Миноносец, пустивший мину, сейчас же был уничтожен носовыми орудиями.
Минуты через две-три на крейсере наладили электрическое освещение.
Выяснилось, что пробоину он получил с правого борта, во вторую угольную яму, но своими ответвлениями она захватила первую и третью угольные ямы. В жилом помещении разошлась по швам броневая палуба, и от нее оторвались некоторые пилерсы. Переборка, граничившая с передней кочегаркой, выпучилась и дала трещины, пропускавшие воду. Котел N 1 немедленно пришлось вывести из строя. Вентиляционные трубы, проходившие через угольные ямы, были также повреждены и начали пропускать воду в заднюю кочегарку.
На верхней палубе люди возились над тем, чтобы подвести пластырь под пробоину. Старания их оказались напрасными. Были пущены в работу все водоотливные средства, но крен «Мономаха» продолжал увеличиваться.
Вахтенный начальник, лейтенант Мордвинов, будучи, как всегда, порядочно пьяным, громко произнес:
– Гуси Рим спасли, а эти проклятые куры крейсер погубили!

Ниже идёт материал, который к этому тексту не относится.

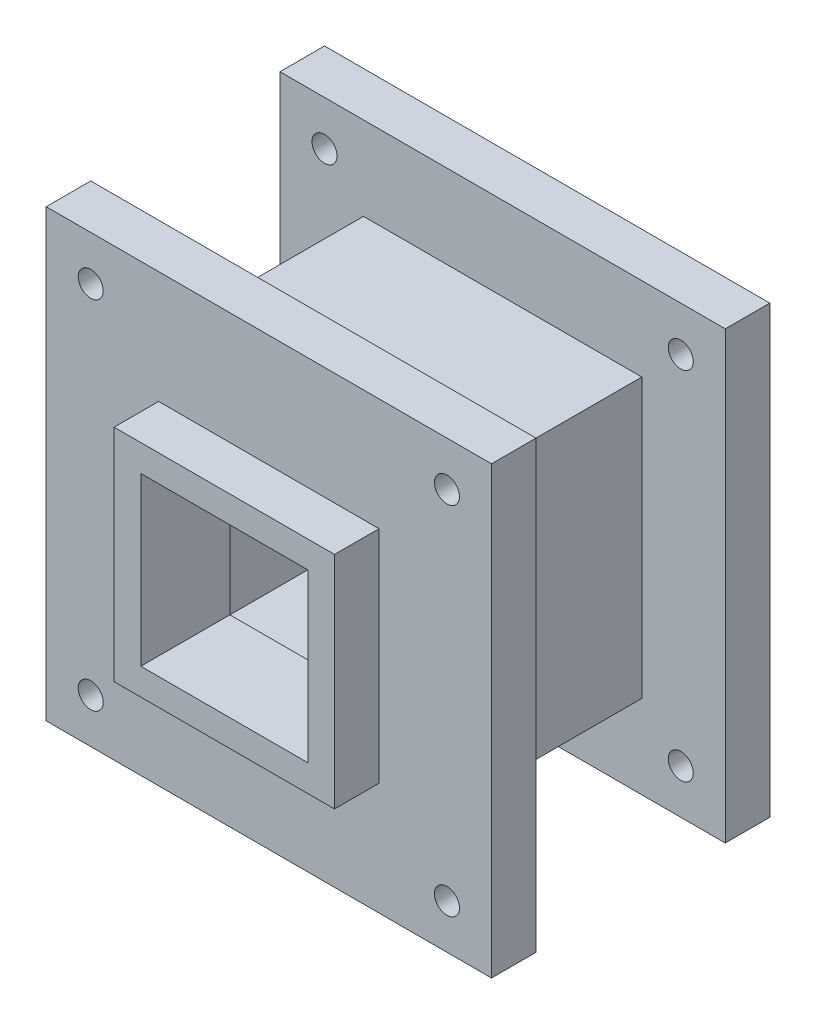
from build123d import *

# Parameters (mm, degrees)
SKETCH_1_W                = 50
SKETCH_1_H                = 50
SKETCH_1_W_2              = 40.4
SKETCH_1_H_2              = 40.4
EXTRUDE_50_4P8_DEPTH      = 50
SKETCH_2_W                = 80
SKETCH_2_H                = 80
SKETCH_2_W_2              = 40.4
SKETCH_2_H_2              = 40.4
EXTRUDE_379_DEPTH         = 8
EXTRUDE_START             = 42
SKETCH_3_W                = 80
SKETCH_3_H                = 80
SKETCH_3_W_2              = 30
SKETCH_3_H_2              = 30
EXTRUDE_483_DEPTH         = 8
EXTRUDE_START_2           = 50
SKETCH_4_W                = 39.6
SKETCH_4_H                = 39.6
SKETCH_4_W_2              = 30
SKETCH_4_H_2              = 30
EXTRUDE_39P6_DEPTH        = 8
CUT_EXTRUDE_M4_DEPTH      = 82.018516402
CUT_EXTRUDE_M4_DEPTH_BACK = 82.018516402
SKETCH_5_R                = 2.25


with BuildPart() as part:
    # 草图1 → 50方管壁厚4p8 (new body)
    with BuildSketch(Plane.XY):
        Rectangle(SKETCH_1_W, SKETCH_1_H)
        Rectangle(SKETCH_1_W_2, SKETCH_1_H_2, mode=Mode.SUBTRACT)
    extrude(amount=EXTRUDE_50_4P8_DEPTH)

    # 草图2 → Extrude 379 (add)
    with BuildSketch(Plane.XY):
        Rectangle(SKETCH_2_W, SKETCH_2_H)
        Rectangle(SKETCH_2_W_2, SKETCH_2_H_2, mode=Mode.SUBTRACT)
    extrude(amount=EXTRUDE_379_DEPTH)

    # 草图3 → Extrude 483 (add)
    with BuildSketch(Plane.XY.offset(EXTRUDE_START)):
        Rectangle(SKETCH_3_W, SKETCH_3_H)
        Rectangle(SKETCH_3_W_2, SKETCH_3_H_2, mode=Mode.SUBTRACT)
    extrude(amount=EXTRUDE_483_DEPTH)

    # 草图4 → 定位凸台39p6 (add)
    with BuildSketch(Plane.XY.offset(EXTRUDE_START_2)):
        Rectangle(SKETCH_4_W, SKETCH_4_H)
        Rectangle(SKETCH_4_W_2, SKETCH_4_H_2, mode=Mode.SUBTRACT)
    extrude(amount=EXTRUDE_39P6_DEPTH)

    # 草图5 → 四个M4法兰通孔 (cut, two sides: drawn at the far end of the back side and taken through both)
    with BuildSketch(Plane.XY.offset(-CUT_EXTRUDE_M4_DEPTH_BACK)):
        with Locations((-32, -32)):
            Circle(SKETCH_5_R)
        with Locations((-32, 32)):
            Circle(SKETCH_5_R)
        with Locations((32, -32)):
            Circle(SKETCH_5_R)
        with Locations((32, 32)):
            Circle(SKETCH_5_R)
    extrude(amount=CUT_EXTRUDE_M4_DEPTH + CUT_EXTRUDE_M4_DEPTH_BACK, mode=Mode.SUBTRACT)


solid = part.part
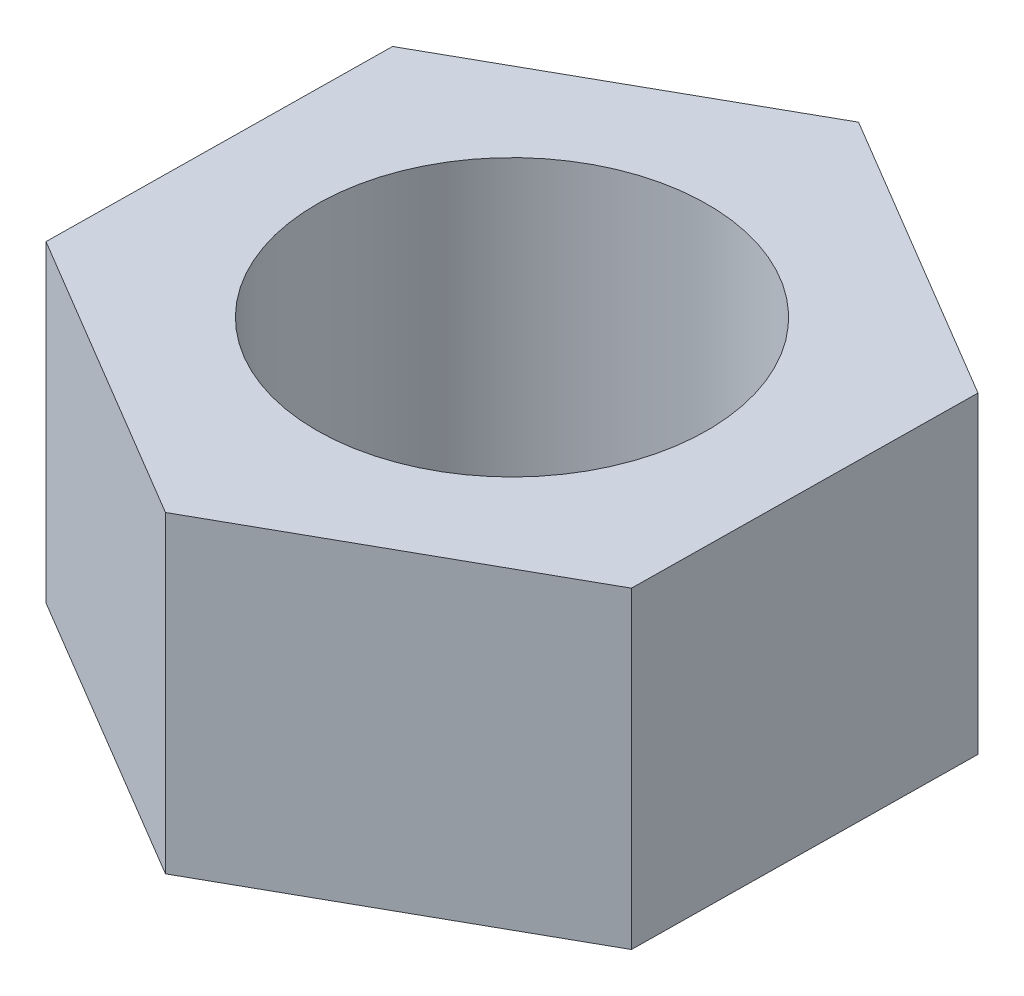
from build123d import *

# Parameters (mm, degrees)
SKETCH2_R           = 2
BOSS_EXTRUDE1_DEPTH = 3.2


with BuildPart() as part:
    # Sketch2 → Boss-Extrude1 (new body)
    with BuildSketch(Plane(origin=(0, 0, 0), x_dir=(1, 0, 0), z_dir=(0, 1, 0))):
        Polygon((3.00903454, -1.787655206), (3.052672092, 1.712072749), (0.043637552, 3.499727956), (-3.00903454, 1.787655206), (-3.052672092, -1.712072749), (-0.043637552, -3.499727956), align=None)
        with Locations(Location((0, 0, 0), (0, 0, 270))):
            Circle(SKETCH2_R, mode=Mode.SUBTRACT)
    extrude(amount=BOSS_EXTRUDE1_DEPTH)


solid = part.part
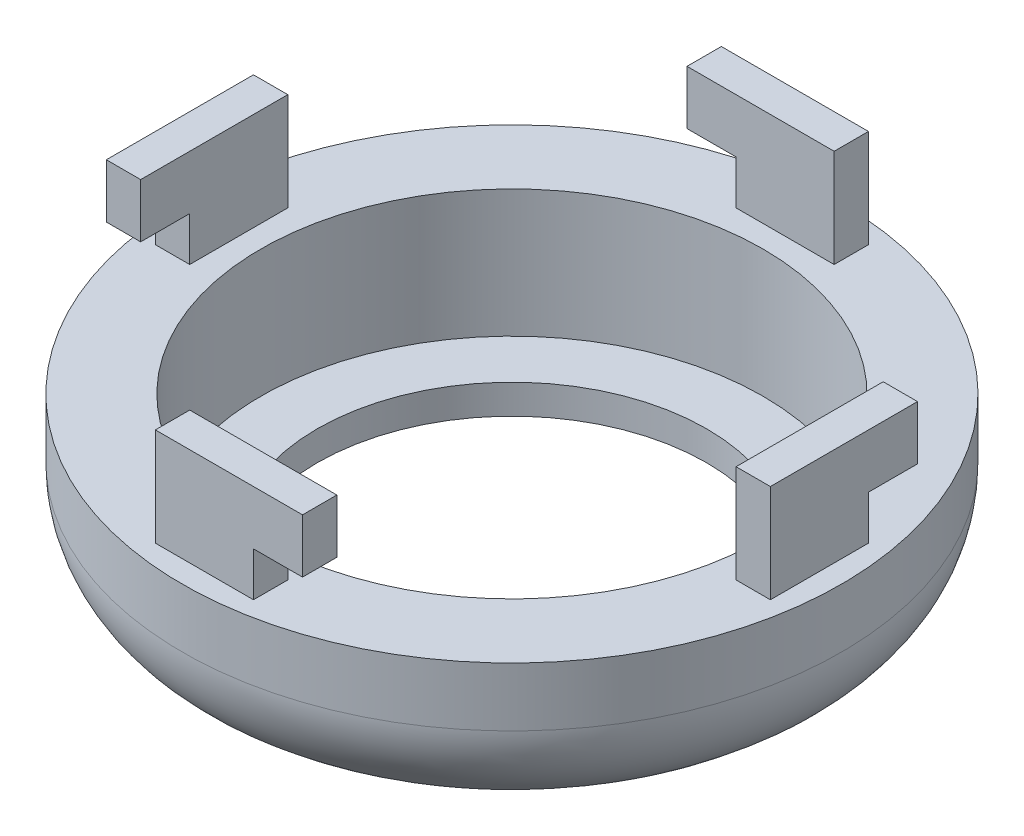
from build123d import *

# Parameters (mm, degrees)
SKETCH1_R           = 33.6
SKETCH1_R_2         = 25.6
BOSS_EXTRUDE1_DEPTH = 13
SKETCH2_W           = 10
SKETCH2_H           = 3.5
BOSS_EXTRUDE2_DEPTH = 10
BOSS_EXTRUDE3_START = 3
SKETCH3_R           = 33.6
SKETCH3_R_2         = 19.85
BOSS_EXTRUDE3_DEPTH = 3
SKETCH4_W           = 15
SKETCH4_H           = 5.5
BOSS_EXTRUDE4_DEPTH = 3.5
CIRPATTERN1_COUNT   = 4
FILLET1_R           = 10


with BuildPart() as part:
    # Sketch1 → Boss-Extrude1 (new body)
    with BuildSketch(Plane(origin=(0, 0, 0), x_dir=(1, 0, 0), z_dir=(0, 1, 0))):
        with Locations(Location((0, 0, 0), (0, 0, 90))):
            Circle(SKETCH1_R)
        with Locations(Location((0, 0, 0), (0, 0, 90))):
            Circle(SKETCH1_R_2, mode=Mode.SUBTRACT)
    extrude(amount=BOSS_EXTRUDE1_DEPTH)

    # Sketch2 → Boss-Extrude2 (add)
    with BuildSketch(Plane(origin=(0, 13, 0), x_dir=(1, 0, 0), z_dir=(0, 1, 0))):
        with Locations((0, -29.6)):
            Rectangle(SKETCH2_W, SKETCH2_H)
    boss_extrude2 = extrude(amount=BOSS_EXTRUDE2_DEPTH)

    # Sketch3 → Boss-Extrude3 (add)
    with BuildSketch(Plane.XZ.offset(BOSS_EXTRUDE3_START)):
        with Locations(Location((0, 0, 0), (0, 0, 270))):
            Circle(SKETCH3_R)
        with Locations(Location((0, 0, 0), (0, 0, 270))):
            Circle(SKETCH3_R_2, mode=Mode.SUBTRACT)
    extrude(amount=-BOSS_EXTRUDE3_DEPTH)

    # Sketch4 → Boss-Extrude4 (add)
    with BuildSketch(Plane.XY.offset(31.35)):
        with Locations((2.5, 20.25)):
            Rectangle(SKETCH4_W, SKETCH4_H)
    boss_extrude4 = extrude(amount=-BOSS_EXTRUDE4_DEPTH)

    # CirPattern1: Boss-Extrude2, Boss-Extrude4 ×4 about axis
    cirpattern1_axis = Axis((0, 0, 0), (0, 1, 0))
    add([boss_extrude2.rotate(cirpattern1_axis, i * 360 / CIRPATTERN1_COUNT) for i in range(1, CIRPATTERN1_COUNT)])
    add([boss_extrude4.rotate(cirpattern1_axis, i * 360 / CIRPATTERN1_COUNT) for i in range(1, CIRPATTERN1_COUNT)])

    # Fillet1
    fillet1_edges = [part.edges().sort_by_distance(p)[0] for p in [
        (0, -3, 33.6),
    ]]
    fillet(fillet1_edges, radius=FILLET1_R)


solid = part.part
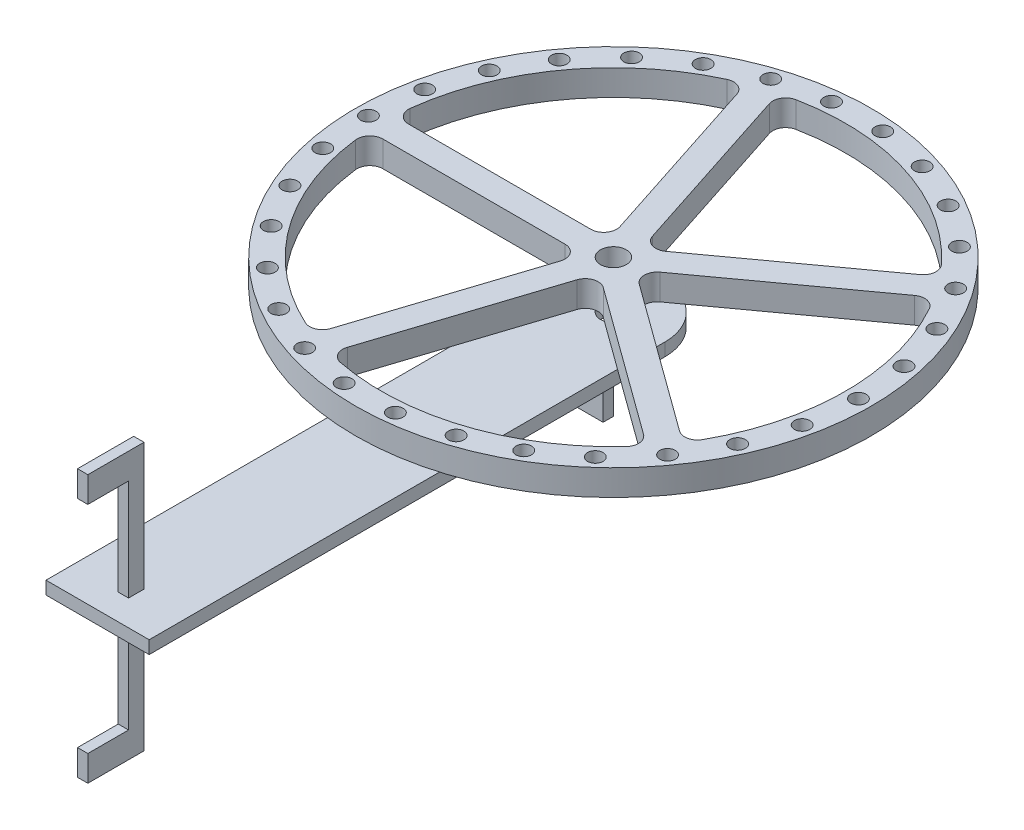
from build123d import *

# Parameters (mm, degrees)
SKETCH1_R           = 50
BOSS_EXTRUDE1_DEPTH = 5
SKETCH4_R           = 2.5
CUT_EXTRUDE1_DEPTH  = 71.887234394
SKETCH7_R           = 1.5
CUT_EXTRUDE2_DEPTH  = 10
CIRPATTERN1_COUNT   = 30
BOSS_EXTRUDE3_DEPTH = 100
SKETCH11_R          = 10
BOSS_EXTRUDE5_DEPTH = 2.5
SKETCH13_R          = 2.5
CUT_EXTRUDE3_DEPTH  = 2.5
BOSS_EXTRUDE6_DEPTH = 10
BOSS_EXTRUDE9_DEPTH = 1


with BuildPart() as part:
    # Sketch1 → Boss-Extrude1 (new body)
    with BuildSketch(Plane(origin=(0, 0, 0), x_dir=(1, 0, 0), z_dir=(0, 1, 0))):
        with Locations(Location((0, 0, 0), (0, 0, 270))):
            Circle(SKETCH1_R)
    extrude(amount=BOSS_EXTRUDE1_DEPTH)

    # Sketch4 → Cut-Extrude1 (cut, through all)
    with BuildSketch(Plane(origin=(0, 5, 0), x_dir=(1, 0, 0), z_dir=(0, 1, 0))):
        with Locations(Location((0, 0, 0), (0, 0, 270))):
            Circle(SKETCH4_R)
        with BuildLine():
            Line((4.098118691, 6.067627458), (32.674983865, 26.829935323))
            ThreePointArc((32.674983865, 26.829935323), (33.693496076, 28.607572328), (33.041139601, 30.549682386))
            ThreePointArc((33.041139601, 30.549682386), (13.905764747, 42.797543233), (-8.774190682, 44.136306799))
            ThreePointArc((-8.774190682, 44.136306799), (-10.443501807, 42.948552273), (-10.664376934, 40.911747269))
            Line((-10.664376934, 40.911747269), (0.25101427, 7.317627458))
            ThreePointArc((0.25101427, 7.317627458), (1.856113075, 5.712528653), (4.098118691, 6.067627458))
        make_face()
        with BuildLine():
            Line((4.098118691, -6.067627458), (32.674983865, -26.829935323))
            ThreePointArc((32.674983865, -26.829935323), (33.693496076, -28.607572328), (33.041139601, -30.549682386))
            ThreePointArc((33.041139601, -30.549682386), (13.905764747, -42.797543233), (-8.774190682, -44.136306799))
            ThreePointArc((-8.774190682, -44.136306799), (-10.443501807, -42.948552273), (-10.664376934, -40.911747269))
            Line((-10.664376934, -40.911747269), (0.25101427, -7.317627458))
            ThreePointArc((0.25101427, -7.317627458), (1.856113075, -5.712528653), (4.098118691, -6.067627458))
        make_face()
        with BuildLine():
            Line((-4.504268312, -5.772542486), (-15.419659516, -39.366662297))
            ThreePointArc((-15.419659516, -39.366662297), (-16.795555191, -40.884645018), (-18.844200854, -40.864362153))
            ThreePointArc((-18.844200854, -40.864362153), (-36.405764747, -26.450336353), (-44.687496219, -5.294117647))
            ThreePointArc((-44.687496219, -5.294117647), (-44.073720044, -3.33947209), (-42.20485754, -2.5))
            Line((-42.20485754, -2.5), (-6.881909602, -2.5))
            ThreePointArc((-6.881909602, -2.5), (-4.859367116, -3.530536869), (-4.504268312, -5.772542486))
        make_face()
        with BuildLine():
            Line((-6.881909602, 2.5), (-42.20485754, 2.5))
            ThreePointArc((-42.20485754, 2.5), (-44.073720044, 3.33947209), (-44.687496219, 5.294117647))
            ThreePointArc((-44.687496219, 5.294117647), (-36.405764747, 26.450336353), (-18.844200854, 40.864362153))
            ThreePointArc((-18.844200854, 40.864362153), (-16.795555191, 40.884645018), (-15.419659516, 39.366662297))
            Line((-15.419659516, 39.366662297), (-4.504268312, 5.772542486))
            ThreePointArc((-4.504268312, 5.772542486), (-4.859367116, 3.530536869), (-6.881909602, 2.5))
        make_face()
        with BuildLine():
            Line((7.037044953, -2.022542486), (35.613910126, -22.784850351))
            ThreePointArc((35.613910126, -22.784850351), (37.619280966, -23.204192983), (39.264748154, -21.983620093))
            ThreePointArc((39.264748154, -21.983620093), (45, 0), (39.264748154, 21.983620093))
            ThreePointArc((39.264748154, 21.983620093), (37.619280966, 23.204192983), (35.613910126, 22.784850351))
            Line((35.613910126, 22.784850351), (7.037044953, 2.022542486))
            ThreePointArc((7.037044953, 2.022542486), (6.006508084, 0), (7.037044953, -2.022542486))
        make_face()
    extrude(amount=-CUT_EXTRUDE1_DEPTH, mode=Mode.SUBTRACT)

    # Sketch7 → Cut-Extrude2 (cut)
    with BuildSketch(Plane(origin=(0, 5, 0), x_dir=(1, 0, 0), z_dir=(0, 1, 0))):
        with Locations(Location((-47.5, 0, 0), (0, 0, 270))):
            Circle(SKETCH7_R)
    cut_extrude2 = extrude(amount=-CUT_EXTRUDE2_DEPTH, mode=Mode.SUBTRACT)

    # CirPattern1: Cut-Extrude2 ×30 about axis
    cirpattern1_axis = Axis((0, 0, 0), (0, 1, 0))
    for i in range(1, CIRPATTERN1_COUNT):
        add(cut_extrude2.rotate(cirpattern1_axis, i * 360 / CIRPATTERN1_COUNT), mode=Mode.SUBTRACT)


with BuildPart() as body_2:
    # Sketch8 → Boss-Extrude3 (new body)
    with BuildSketch(Plane.XY):
        Polygon((0, -4.223266168), (-10, -4.223266168), (-10, -6.723266168), (10, -6.723266168), (10, -4.223266168), align=None)
    extrude(amount=BOSS_EXTRUDE3_DEPTH)

    # Sketch11 → Boss-Extrude5 (add)
    with BuildSketch(Plane.XZ.offset(6.723266168)):
        Circle(SKETCH11_R)
    extrude(amount=-BOSS_EXTRUDE5_DEPTH)

    # Sketch13 → Cut-Extrude3 (cut)
    with BuildSketch(Plane(origin=(0, -4.223266168, 0), x_dir=(1, 0, 0), z_dir=(0, 1, 0))):
        with Locations(Location((0, 0, 0), (0, 0, 270))):
            Circle(SKETCH13_R)
    extrude(amount=-CUT_EXTRUDE3_DEPTH, mode=Mode.SUBTRACT)

    # Sketch14 → Boss-Extrude6 (add)
    with BuildSketch(Plane.XZ.offset(6.723266168)):
        Polygon((0, 5), (5, 5), (5, 7), (-5, 7), (-5, 5), align=None)
    extrude(amount=BOSS_EXTRUDE6_DEPTH)

    # Feet → Boss-Extrude9 (add, symmetric)
    with BuildSketch(Plane(origin=(0, 0, 0), x_dir=(0, 0, -1), z_dir=(1, 0, 0))):
        Polygon((-95, -4.223266168), (-95, 15.433399824), (-102.891455397, 15.433399824), (-102.891455397, 20.433399824), (-92, 20.433399824), (-92, -4.223266168), align=None)
    boss_extrude9 = extrude(amount=BOSS_EXTRUDE9_DEPTH, both=True)

    # Mirror1: Boss-Extrude9 across plane
    add(boss_extrude9.mirror(Plane.ZX.offset(-5.473266168)))


solid = Compound([part.part, body_2.part])

Командир на это ничего не ответил. Удрученный, возможно считавший себя виновником этого события, он молчал. Склянки давно отбили десять часов. Он устал, устал до изнеможения. И привычка вовремя ложиться спать брала верх.
Наконец, он заявил своим офицерам:
– Я пойду к себе в каюту. Если что-нибудь случится, доложите мне.
Когда он сошел с мостика, подполковник Маневский, обращаясь к своим коллегам, спросил:
– Что же это еще может случиться?
Кто-то подавленно ответил ему:
– Скоро начнем переселяться на морское дно.
Японцы продолжали преследовать крейсер. Но теперь, при отсутствии на мостике командира, старшему артиллеристу Нозикову уже никто не мешал. Даже в такой обстановке, когда подорванное судно захлебывалось водою, он сумел отбить еще пять минных атак и нанести противнику повреждения.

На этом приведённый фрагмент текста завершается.